Positive soil bacteria can be defined by four basic groups. The nitrogen cycling family of bacteria form a symbiotic relationship with roots and convert nitrogen from the air and increase nitrogen in the soil by breaking down organic matter. Nitrate fixing bacteria convert ammonium into a preferred form of nitrogen essential to most plants. Actinomycetes work to break down hard to decompose organic matter like cellulose, they also produce a number of natural antibiotics that are used in modern medicine. Denitrification bacteria are a diverse group of phyla that assist in turning nitrogen oxides back to nitrogen gas or nitrous oxide, an important component of the nitrogen cycle.

Fungi

Fungal biodiversity also plays a big role in a living soil ecosystem, these long threads or strands grow like roots but they improve plant growth instead of competing with the plants. Fungi like bacteria help with water retention, nitrogen and nutrient cycling and also decompose organic materials. The saprophytic fungi work to break down organic matter to create a fungi biomass and also can can break down carbon structures in some pollutants. Mycorrhizal fungi, endomycorrhizal fungi, and ectomycorrhizal fungi form a mutually beneficial relationship with the roots of your plants, they seek out nutrients and phosphates and bring them to the plant along with supplying water.
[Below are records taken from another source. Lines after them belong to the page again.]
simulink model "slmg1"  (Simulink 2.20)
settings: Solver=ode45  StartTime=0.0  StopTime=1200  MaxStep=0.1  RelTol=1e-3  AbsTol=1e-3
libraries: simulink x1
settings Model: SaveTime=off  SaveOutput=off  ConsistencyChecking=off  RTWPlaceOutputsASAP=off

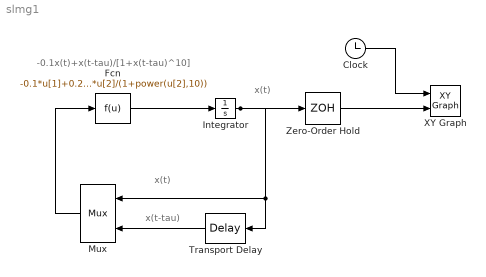
== system slmg1 ==
  note: x(t)
  note: x(t-tau)
  note: x(t)
  note: -0.1x(t)+x(t-tau)/[1+x(t-tau)^10]
  Clock : Clock
  Fcn : Fcn  Expr=-0.1*u[1]+0.2*u[2]/(1+power(u[2],10))
  Integrator : Integrator  ExternalReset=none  InitialConditionSource=internal  InitialCondition=1.2  LimitOutput=off  UpperSaturationLimit=inf  LowerSaturationLimit=-inf  ShowSaturationPort=off  ShowStatePort=off  AbsoluteTolerance=auto
  Mux : Mux  Orientation=left  Inputs=2
  Transport Delay : TransportDelay  Orientation=left  DelayTime=17  InitialInput=0  BufferSize=1024
  XY Graph : simulink/Sinks/XY Graph  xmin=0  xmax=1200  ymin=0.2  ymax=1.4  st=-1
  Zero-Order Hold : ZeroOrderHold  SampleTime=1
  wires:
  Fcn/1 -> Integrator/1
  Transport Delay/1 -> Mux/2
  Mux/1 -> Fcn/1
  Integrator/1 -> Zero-Order Hold/1, Transport Delay/1, Mux/1
  Zero-Order Hold/1 -> XY Graph/2
  Clock/1 -> XY Graph/1
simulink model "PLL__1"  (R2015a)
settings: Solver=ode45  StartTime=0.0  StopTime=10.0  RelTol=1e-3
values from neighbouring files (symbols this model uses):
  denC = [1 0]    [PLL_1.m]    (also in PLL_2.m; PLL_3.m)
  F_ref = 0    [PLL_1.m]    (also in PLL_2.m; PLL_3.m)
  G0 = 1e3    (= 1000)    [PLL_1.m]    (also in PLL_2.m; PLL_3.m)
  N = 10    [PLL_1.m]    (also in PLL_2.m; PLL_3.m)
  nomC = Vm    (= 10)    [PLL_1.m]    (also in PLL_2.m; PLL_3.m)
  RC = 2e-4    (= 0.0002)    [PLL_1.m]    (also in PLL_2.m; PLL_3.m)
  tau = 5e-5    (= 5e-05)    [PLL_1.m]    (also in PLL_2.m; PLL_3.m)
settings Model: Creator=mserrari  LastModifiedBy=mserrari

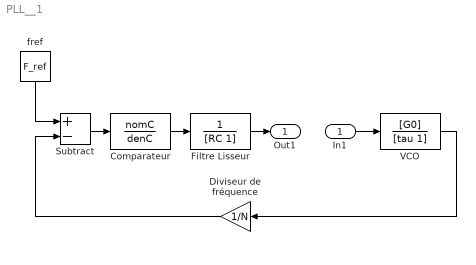
== system PLL__1 ==
  In1 : Inport
  Comparateur : TransferFcn  Numerator=nomC  Denominator=denC
  Diviseur de fréquence : Gain  Gain=1/N
  Filtre Lisseur : TransferFcn  Denominator=[RC 1]
  Subtract : Sum  Inputs=+-
  VCO : TransferFcn  Numerator=[G0]  Denominator=[tau 1]
  fref : Constant  Value=F_ref
  Out1 : Outport
  wires:
  Filtre Lisseur/1 -> Out1/1
  In1/1 -> VCO/1
  Comparateur/1 -> Filtre Lisseur/1
  Subtract/1 -> Comparateur/1
  VCO/1 -> Diviseur de fréquence/1
  Diviseur de fréquence/1 -> Subtract/2
  fref/1 -> Subtract/1

They can also protect plants from root feeding organisms and negative fungal diseases. Last but not lease soil fungi improve soil structure by aerating and creating more spaces for water retention. There are over 70K species of soil fungi identified but many suspect they number in the millions, don’t miss out on the benefits these symbiotic plants as the spider web out to improve your soil and root health.

Algae

Algae help with soil fertility, water retention & the loss of nitrates through leaching and drainage. Anywhere moisture and sunlight is available you should find active algae, they perform photosynthesis and pull carbon dioxide out of the atmosphere along with synthesizing their own food. Algae help your plants by binding soils, reducing erosion, root mass, plant stress, increasing water retention, aeration and when they die they add to the organic carbon footprint in your soil.

Nematodes

Nematodes are microscopic worms that live naturally in all soils. Nematodes in general get a bad name because of parasitic worms like the soybean cyst nematodes attack plant roots and can cause a lot of damage to farmer yields. There are a great many other nematode species that help your plants in a number of ways, many of them even attack and consume disease causing nematodes. They also contribute to plant available nitrogen, spread beneficial bacteria & fungi throughout your soil. More study is needed on the positive effects of nematodes but they do play a vital role in assessing their different populations. For example high numbers bacteria eating nematodes can indicate high nutrient cycling, while fungi feeding nematodes tell us the soil/food web is fungi dominant, low numbers of omnivorous nematodes mean pollution or toxins could be present and a high population of predator nematodes usually means your soil has biodiversity that can suppress parasitic nematodes and pathogens.

Protozoa

Protozoa are tiny life forms that feed on bacteria, fungi, organic matter and even other protoza, often numbering in the 10,000 to 100,000 per gram of soil. They are divided into three groups, the flagellates are the smallest and feed on bacteria, amoebae are small and often found feeding on bacteria near plant roots and finally ciliates are the largest and feed on bacteria as well as the two other types f protozoa. Protozoa play a large role in the mineralization of nutrients and make them readily available for plant uptake near the plants roots. Like nematodes less is known about their importance in soil health and their numbers and biodiversity are often attributed with healthy living soils.

Viruses

Soil viruses maybe the most abundant but also the least understood microorganisms in soils, numbering in the billions per gram of soil it is suspected they play a serious role in soil biology, ecosystems and nutrient cycling. Because of the difficulty in recovering viruses from soils not much is known about them, hopefully in the coming years as more effort is put into the soil food web we will discover their importance in soil health.